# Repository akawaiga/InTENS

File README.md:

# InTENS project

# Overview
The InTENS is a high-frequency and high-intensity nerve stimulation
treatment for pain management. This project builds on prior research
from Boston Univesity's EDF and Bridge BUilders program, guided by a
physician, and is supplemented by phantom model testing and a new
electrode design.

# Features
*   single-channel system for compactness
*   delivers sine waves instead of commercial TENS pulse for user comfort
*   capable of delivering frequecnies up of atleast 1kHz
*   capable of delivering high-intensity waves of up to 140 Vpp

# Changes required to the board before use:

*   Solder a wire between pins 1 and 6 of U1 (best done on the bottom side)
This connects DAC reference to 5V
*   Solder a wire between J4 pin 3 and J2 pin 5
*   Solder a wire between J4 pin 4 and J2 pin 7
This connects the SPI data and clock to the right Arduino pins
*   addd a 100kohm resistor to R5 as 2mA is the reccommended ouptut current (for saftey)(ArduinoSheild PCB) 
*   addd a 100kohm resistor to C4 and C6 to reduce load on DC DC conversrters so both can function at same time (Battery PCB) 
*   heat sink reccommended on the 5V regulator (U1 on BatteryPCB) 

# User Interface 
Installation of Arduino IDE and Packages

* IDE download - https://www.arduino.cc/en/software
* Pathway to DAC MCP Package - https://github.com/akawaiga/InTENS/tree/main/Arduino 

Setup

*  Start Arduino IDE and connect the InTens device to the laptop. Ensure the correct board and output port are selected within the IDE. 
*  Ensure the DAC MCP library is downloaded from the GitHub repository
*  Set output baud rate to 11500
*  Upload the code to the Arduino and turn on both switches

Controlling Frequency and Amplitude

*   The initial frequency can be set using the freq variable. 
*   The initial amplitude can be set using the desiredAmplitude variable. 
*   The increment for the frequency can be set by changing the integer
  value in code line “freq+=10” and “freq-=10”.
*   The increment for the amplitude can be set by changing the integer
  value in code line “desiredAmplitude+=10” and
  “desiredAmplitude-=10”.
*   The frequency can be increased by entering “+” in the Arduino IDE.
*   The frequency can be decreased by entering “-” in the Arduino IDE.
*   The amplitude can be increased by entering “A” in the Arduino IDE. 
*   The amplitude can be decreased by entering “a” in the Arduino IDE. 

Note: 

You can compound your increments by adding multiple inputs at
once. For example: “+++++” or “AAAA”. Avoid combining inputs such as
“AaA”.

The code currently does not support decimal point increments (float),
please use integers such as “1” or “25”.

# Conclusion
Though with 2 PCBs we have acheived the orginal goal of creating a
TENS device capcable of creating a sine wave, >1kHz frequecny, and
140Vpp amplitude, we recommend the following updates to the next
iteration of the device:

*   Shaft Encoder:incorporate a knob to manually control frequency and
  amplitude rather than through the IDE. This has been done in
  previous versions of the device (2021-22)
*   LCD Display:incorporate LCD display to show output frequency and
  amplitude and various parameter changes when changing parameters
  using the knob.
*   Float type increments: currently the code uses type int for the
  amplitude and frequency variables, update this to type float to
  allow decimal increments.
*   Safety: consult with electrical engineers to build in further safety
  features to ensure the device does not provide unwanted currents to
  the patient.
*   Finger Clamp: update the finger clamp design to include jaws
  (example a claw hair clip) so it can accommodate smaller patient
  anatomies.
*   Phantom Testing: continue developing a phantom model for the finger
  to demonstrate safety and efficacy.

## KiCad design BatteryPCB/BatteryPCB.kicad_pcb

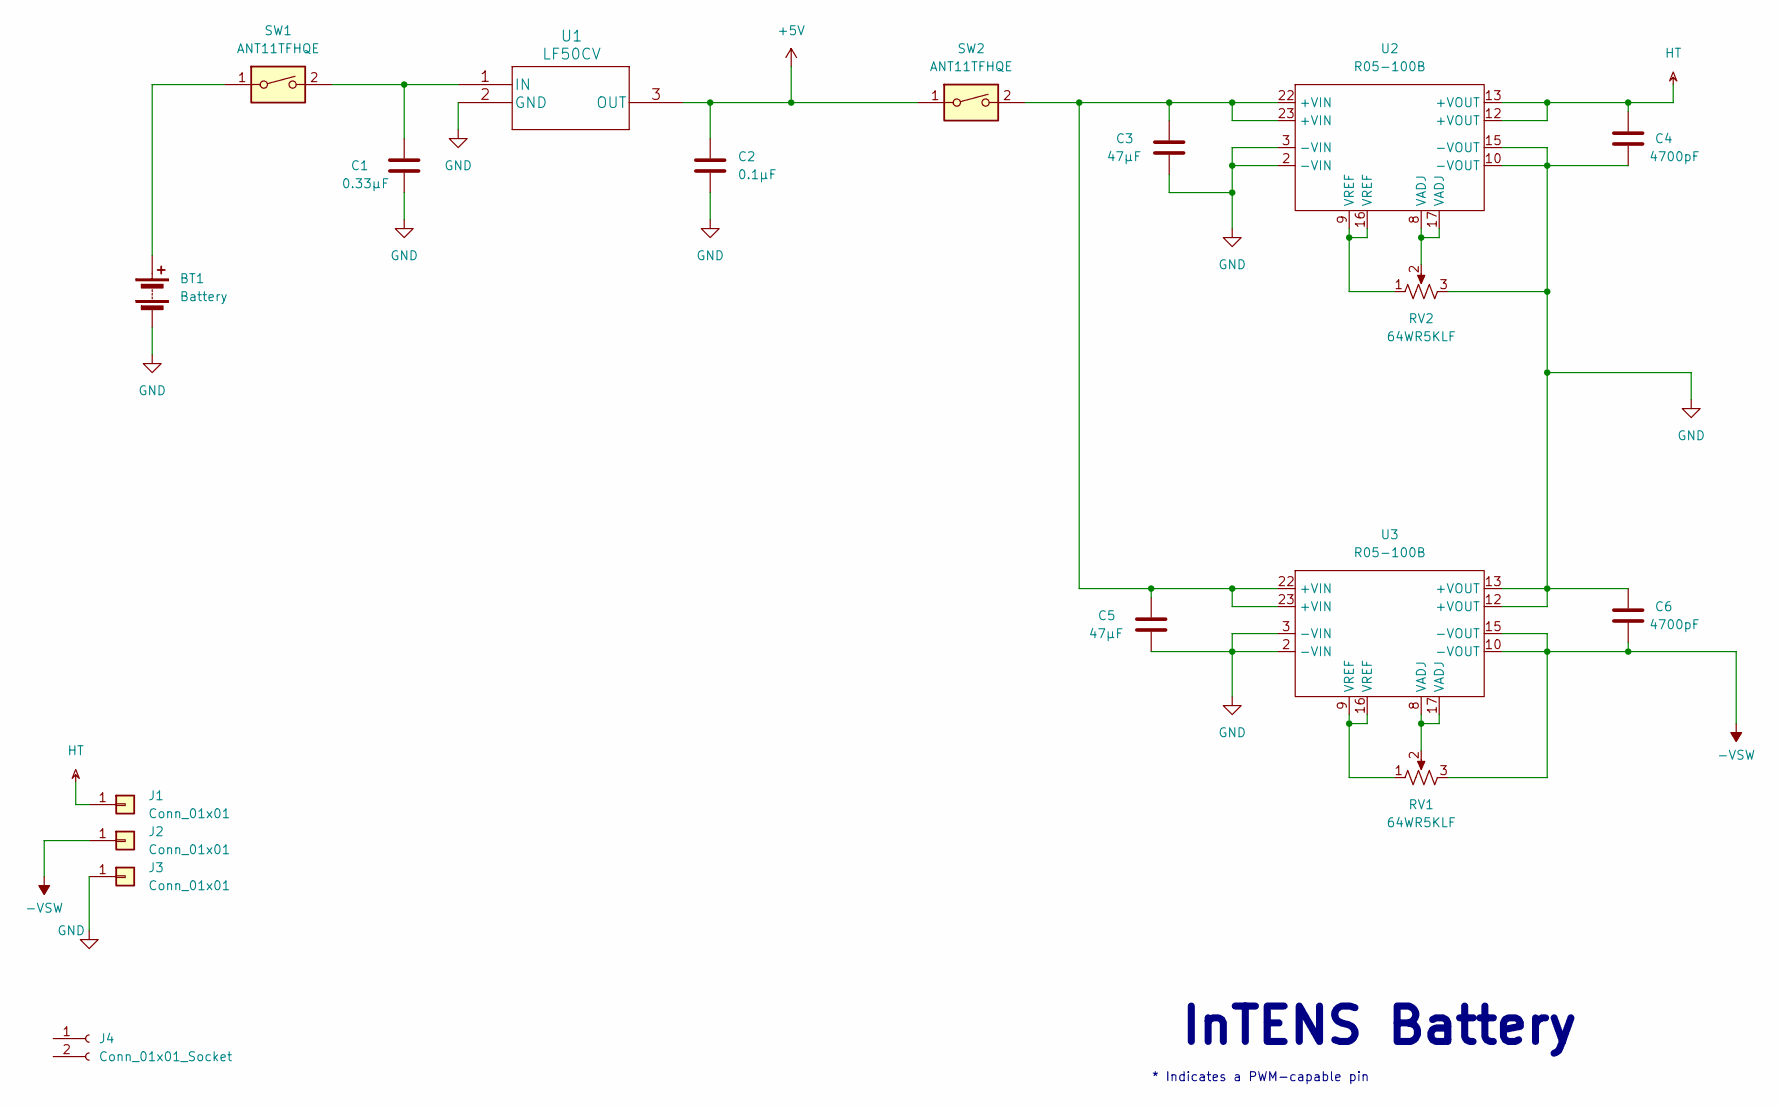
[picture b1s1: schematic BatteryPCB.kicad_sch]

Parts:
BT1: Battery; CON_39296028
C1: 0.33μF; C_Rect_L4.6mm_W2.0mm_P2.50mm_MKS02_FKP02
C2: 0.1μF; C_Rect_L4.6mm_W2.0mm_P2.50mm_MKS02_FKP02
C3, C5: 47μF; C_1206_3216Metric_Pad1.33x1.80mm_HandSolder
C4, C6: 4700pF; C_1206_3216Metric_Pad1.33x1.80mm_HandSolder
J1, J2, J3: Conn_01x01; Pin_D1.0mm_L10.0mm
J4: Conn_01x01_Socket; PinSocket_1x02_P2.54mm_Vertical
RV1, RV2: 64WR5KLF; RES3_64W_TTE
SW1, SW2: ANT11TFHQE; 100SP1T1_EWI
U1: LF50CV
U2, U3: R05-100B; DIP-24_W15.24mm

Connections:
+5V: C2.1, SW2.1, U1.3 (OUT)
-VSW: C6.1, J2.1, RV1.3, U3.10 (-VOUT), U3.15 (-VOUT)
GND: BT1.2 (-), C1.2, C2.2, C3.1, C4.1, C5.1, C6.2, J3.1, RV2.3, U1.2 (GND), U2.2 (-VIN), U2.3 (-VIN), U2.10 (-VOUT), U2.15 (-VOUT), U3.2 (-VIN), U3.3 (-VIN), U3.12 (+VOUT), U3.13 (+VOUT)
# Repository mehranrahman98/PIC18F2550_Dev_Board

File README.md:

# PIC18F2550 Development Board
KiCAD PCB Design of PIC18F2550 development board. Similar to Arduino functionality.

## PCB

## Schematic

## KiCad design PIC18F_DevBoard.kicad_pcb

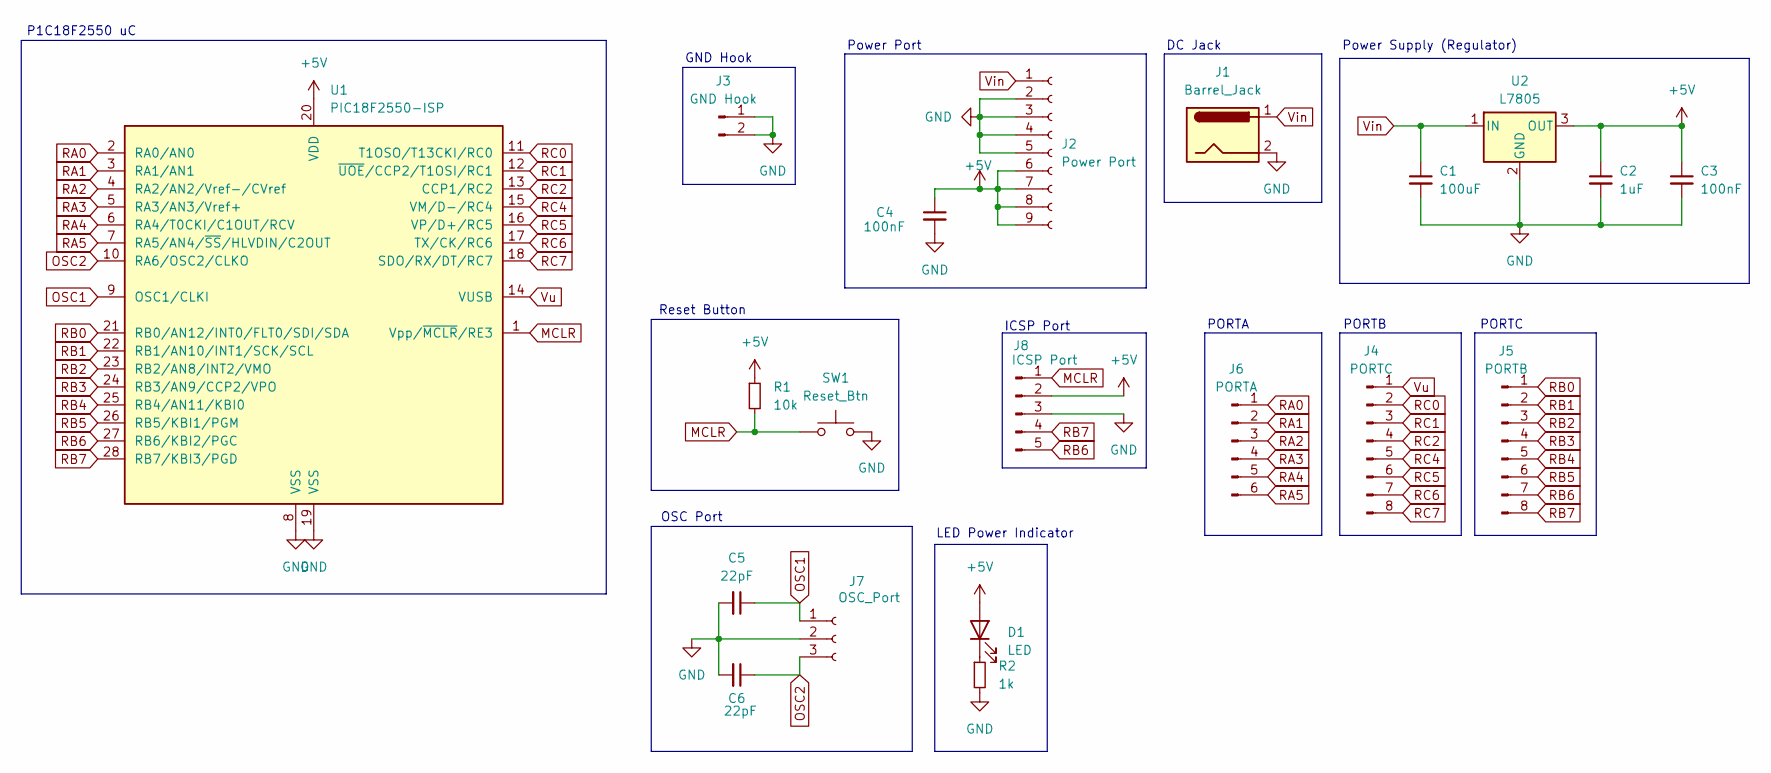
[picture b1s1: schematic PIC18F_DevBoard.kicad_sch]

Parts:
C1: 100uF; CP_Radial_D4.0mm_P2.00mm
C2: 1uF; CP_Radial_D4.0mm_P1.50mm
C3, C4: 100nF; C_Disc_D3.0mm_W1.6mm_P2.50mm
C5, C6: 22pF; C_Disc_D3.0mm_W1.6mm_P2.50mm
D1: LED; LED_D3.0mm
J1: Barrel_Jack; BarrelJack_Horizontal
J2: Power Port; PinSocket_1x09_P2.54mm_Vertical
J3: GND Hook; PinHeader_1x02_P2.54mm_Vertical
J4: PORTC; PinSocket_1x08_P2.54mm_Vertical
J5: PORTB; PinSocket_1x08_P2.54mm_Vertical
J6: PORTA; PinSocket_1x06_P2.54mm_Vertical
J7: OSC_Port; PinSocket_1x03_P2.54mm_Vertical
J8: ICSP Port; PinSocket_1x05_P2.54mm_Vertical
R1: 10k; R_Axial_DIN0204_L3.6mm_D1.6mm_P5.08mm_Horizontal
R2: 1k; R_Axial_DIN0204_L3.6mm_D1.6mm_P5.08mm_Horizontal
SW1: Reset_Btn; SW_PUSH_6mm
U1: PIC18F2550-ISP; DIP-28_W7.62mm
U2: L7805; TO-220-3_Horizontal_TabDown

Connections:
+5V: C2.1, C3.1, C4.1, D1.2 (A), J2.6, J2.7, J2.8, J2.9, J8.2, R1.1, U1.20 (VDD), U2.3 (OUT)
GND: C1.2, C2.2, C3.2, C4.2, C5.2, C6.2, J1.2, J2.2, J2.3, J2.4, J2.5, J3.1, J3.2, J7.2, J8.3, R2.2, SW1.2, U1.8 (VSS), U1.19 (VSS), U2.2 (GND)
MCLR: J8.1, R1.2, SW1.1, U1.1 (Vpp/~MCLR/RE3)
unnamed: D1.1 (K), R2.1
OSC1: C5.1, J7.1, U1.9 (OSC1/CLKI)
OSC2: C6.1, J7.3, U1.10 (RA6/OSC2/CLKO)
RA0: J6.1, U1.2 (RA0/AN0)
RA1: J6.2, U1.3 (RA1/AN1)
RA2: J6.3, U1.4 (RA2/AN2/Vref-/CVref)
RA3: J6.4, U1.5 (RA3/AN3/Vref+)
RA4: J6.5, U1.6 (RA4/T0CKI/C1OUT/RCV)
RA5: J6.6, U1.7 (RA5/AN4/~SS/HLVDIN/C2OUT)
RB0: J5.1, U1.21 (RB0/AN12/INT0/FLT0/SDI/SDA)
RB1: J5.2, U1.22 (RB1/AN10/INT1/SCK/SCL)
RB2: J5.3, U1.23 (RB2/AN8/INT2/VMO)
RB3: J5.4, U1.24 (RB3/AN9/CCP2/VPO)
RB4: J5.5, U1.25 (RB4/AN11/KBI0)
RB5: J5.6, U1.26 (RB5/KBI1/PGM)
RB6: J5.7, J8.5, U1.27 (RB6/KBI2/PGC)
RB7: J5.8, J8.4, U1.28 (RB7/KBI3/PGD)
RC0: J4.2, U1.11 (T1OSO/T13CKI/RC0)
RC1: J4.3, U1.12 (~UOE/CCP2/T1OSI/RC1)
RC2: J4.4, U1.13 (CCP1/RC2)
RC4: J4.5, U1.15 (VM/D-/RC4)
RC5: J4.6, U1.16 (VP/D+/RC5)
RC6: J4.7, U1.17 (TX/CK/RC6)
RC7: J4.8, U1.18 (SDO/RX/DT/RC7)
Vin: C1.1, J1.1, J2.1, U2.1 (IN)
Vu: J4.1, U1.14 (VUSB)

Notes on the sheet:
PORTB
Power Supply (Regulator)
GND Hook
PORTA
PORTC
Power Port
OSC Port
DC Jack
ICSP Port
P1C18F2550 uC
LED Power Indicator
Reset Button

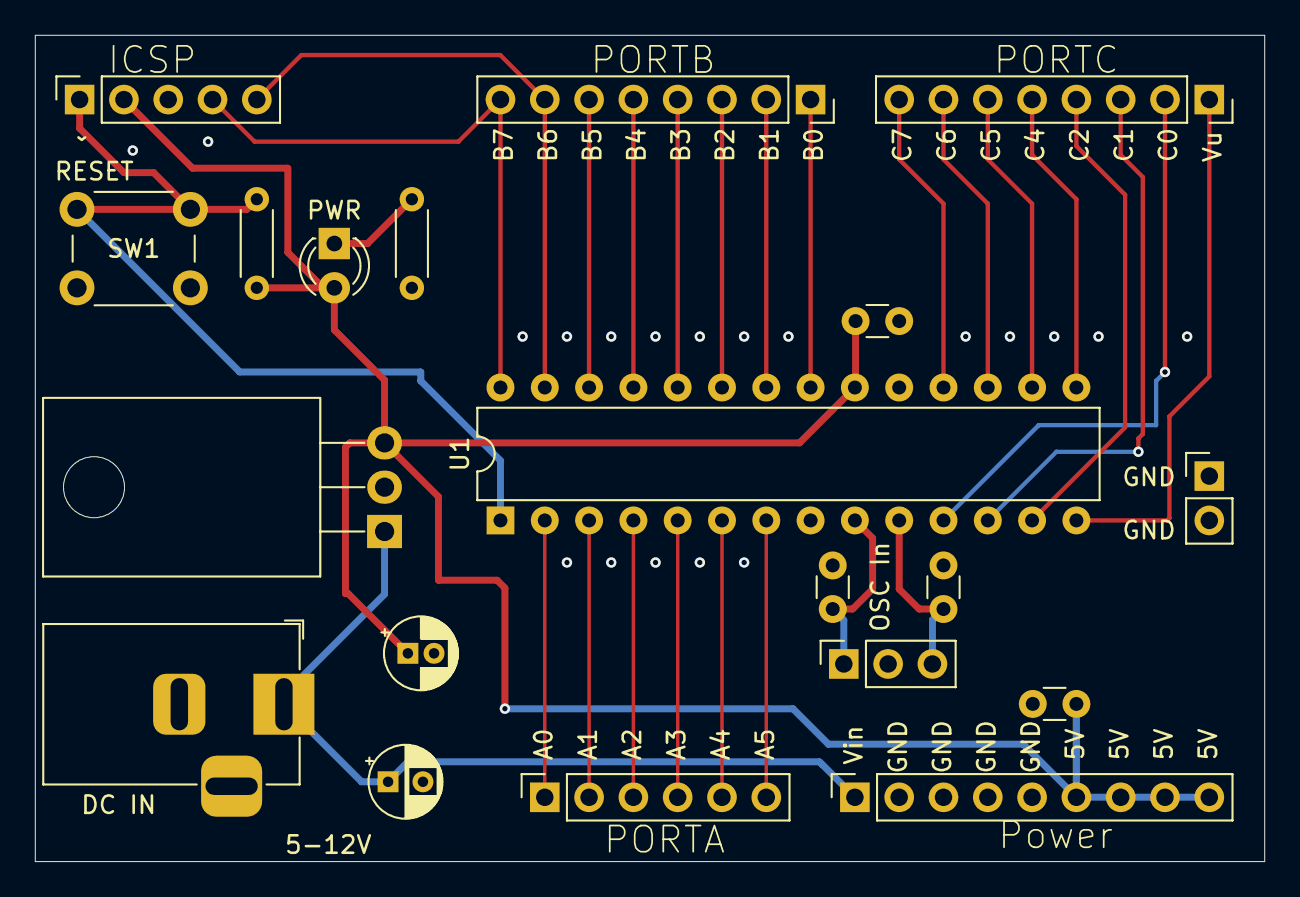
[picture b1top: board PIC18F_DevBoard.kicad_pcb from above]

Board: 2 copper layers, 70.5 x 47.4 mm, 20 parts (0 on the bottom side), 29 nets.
^^^^
### The problem
Copy out the lines above exactly, beginning at the one that contains "please use integers" and ending at the one that contains "amplitude and frequency".

### Solution below
please use integers such as “1” or “25”.

# Conclusion
Though with 2 PCBs we have acheived the orginal goal of creating a
TENS device capcable of creating a sine wave, >1kHz frequecny, and
140Vpp amplitude, we recommend the following updates to the next
iteration of the device:

*   Shaft Encoder:incorporate a knob to manually control frequency and
  amplitude rather than through the IDE. This has been done in
  previous versions of the device (2021-22)
*   LCD Display:incorporate LCD display to show output frequency and
  amplitude and various parameter changes when changing parameters
  using the knob.
*   Float type increments: currently the code uses type int for the
  amplitude and frequency variables, update this to type float to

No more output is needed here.